■ About this task ■
Find how many lines of the listing include the string "ezdxf", and report only that figure.

::: Data for this exercise :::

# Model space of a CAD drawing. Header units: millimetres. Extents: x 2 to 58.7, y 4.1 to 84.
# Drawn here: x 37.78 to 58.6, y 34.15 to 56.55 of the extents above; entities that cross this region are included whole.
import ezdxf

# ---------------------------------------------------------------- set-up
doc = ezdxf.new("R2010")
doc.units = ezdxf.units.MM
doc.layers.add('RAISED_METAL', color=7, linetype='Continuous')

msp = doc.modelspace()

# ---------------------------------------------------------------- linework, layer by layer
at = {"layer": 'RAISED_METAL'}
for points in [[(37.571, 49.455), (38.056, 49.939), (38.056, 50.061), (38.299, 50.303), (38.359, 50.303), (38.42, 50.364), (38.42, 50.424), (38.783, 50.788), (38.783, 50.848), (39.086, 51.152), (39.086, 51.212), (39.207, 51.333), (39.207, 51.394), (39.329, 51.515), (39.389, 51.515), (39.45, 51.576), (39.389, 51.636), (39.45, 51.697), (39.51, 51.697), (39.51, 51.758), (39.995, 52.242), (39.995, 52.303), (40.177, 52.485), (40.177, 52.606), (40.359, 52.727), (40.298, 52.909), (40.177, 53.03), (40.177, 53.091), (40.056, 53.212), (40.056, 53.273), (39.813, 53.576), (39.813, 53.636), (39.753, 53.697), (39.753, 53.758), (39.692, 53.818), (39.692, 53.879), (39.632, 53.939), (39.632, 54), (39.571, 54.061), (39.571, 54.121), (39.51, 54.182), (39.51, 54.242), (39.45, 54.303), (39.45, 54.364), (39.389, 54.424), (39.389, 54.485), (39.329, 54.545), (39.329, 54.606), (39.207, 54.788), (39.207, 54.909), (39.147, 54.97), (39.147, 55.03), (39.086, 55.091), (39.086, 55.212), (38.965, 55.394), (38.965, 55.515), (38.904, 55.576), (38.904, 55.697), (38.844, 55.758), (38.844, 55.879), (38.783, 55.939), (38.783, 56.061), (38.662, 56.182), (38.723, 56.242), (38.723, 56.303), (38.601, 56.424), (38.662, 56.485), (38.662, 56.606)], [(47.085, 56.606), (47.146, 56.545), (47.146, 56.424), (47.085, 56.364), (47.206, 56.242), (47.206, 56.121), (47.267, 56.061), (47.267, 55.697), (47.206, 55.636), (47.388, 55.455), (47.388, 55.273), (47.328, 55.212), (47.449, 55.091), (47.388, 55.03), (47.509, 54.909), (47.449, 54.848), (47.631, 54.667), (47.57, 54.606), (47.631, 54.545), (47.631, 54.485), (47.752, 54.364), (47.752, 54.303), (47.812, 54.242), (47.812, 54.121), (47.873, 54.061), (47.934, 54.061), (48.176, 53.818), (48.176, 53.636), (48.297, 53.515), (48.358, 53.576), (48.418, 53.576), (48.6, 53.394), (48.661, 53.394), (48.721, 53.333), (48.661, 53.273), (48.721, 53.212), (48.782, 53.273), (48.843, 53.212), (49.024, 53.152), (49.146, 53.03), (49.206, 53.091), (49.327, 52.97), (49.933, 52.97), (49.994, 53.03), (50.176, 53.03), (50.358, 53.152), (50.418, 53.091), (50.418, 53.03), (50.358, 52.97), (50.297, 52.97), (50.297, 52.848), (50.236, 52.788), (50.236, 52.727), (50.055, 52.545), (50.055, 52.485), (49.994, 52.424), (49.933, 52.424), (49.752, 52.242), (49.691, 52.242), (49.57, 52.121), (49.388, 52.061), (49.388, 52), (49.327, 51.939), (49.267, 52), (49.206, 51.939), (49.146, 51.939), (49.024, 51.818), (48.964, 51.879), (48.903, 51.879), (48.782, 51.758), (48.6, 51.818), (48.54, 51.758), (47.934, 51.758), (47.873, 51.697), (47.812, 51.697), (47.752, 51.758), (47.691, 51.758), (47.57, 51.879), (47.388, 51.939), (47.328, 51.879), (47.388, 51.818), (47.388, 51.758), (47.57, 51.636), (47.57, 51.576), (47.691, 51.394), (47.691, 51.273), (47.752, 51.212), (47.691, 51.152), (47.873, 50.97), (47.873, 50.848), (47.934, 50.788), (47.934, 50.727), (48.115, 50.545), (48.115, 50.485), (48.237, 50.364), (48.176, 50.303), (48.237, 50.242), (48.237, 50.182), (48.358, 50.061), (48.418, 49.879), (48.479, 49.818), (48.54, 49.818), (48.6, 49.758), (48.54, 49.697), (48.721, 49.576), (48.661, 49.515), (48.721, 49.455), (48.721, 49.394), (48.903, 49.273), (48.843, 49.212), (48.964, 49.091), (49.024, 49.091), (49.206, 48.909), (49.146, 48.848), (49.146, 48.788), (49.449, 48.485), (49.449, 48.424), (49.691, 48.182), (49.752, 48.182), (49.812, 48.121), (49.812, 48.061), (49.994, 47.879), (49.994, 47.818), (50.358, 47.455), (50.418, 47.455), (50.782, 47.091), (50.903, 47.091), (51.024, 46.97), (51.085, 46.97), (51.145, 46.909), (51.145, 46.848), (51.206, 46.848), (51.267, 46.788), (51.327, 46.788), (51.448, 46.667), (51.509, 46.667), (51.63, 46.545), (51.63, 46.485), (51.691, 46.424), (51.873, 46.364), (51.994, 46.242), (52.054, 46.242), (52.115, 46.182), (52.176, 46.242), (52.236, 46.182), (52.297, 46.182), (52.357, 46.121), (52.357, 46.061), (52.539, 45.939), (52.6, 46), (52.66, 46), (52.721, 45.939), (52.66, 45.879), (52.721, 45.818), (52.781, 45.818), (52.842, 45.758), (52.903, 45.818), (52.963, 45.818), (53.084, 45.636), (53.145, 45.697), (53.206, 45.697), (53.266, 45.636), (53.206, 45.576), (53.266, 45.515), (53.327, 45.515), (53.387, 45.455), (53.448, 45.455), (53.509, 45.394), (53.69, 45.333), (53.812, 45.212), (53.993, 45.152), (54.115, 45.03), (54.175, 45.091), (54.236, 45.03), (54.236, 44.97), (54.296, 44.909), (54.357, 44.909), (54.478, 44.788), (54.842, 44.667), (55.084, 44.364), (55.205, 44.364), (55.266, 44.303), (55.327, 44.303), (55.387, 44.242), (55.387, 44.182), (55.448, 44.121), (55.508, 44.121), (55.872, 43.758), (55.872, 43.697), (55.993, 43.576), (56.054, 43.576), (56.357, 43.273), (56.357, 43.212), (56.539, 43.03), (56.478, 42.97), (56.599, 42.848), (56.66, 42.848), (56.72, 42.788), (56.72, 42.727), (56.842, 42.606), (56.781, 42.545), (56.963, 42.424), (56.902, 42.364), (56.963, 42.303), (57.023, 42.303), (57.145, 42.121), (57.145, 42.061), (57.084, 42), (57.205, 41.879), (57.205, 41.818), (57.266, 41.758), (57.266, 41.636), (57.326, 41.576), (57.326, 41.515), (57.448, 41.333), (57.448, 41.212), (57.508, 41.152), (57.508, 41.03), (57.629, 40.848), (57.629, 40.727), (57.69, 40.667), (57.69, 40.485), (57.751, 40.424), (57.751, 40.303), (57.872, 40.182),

:::

■ Response to this task ■
3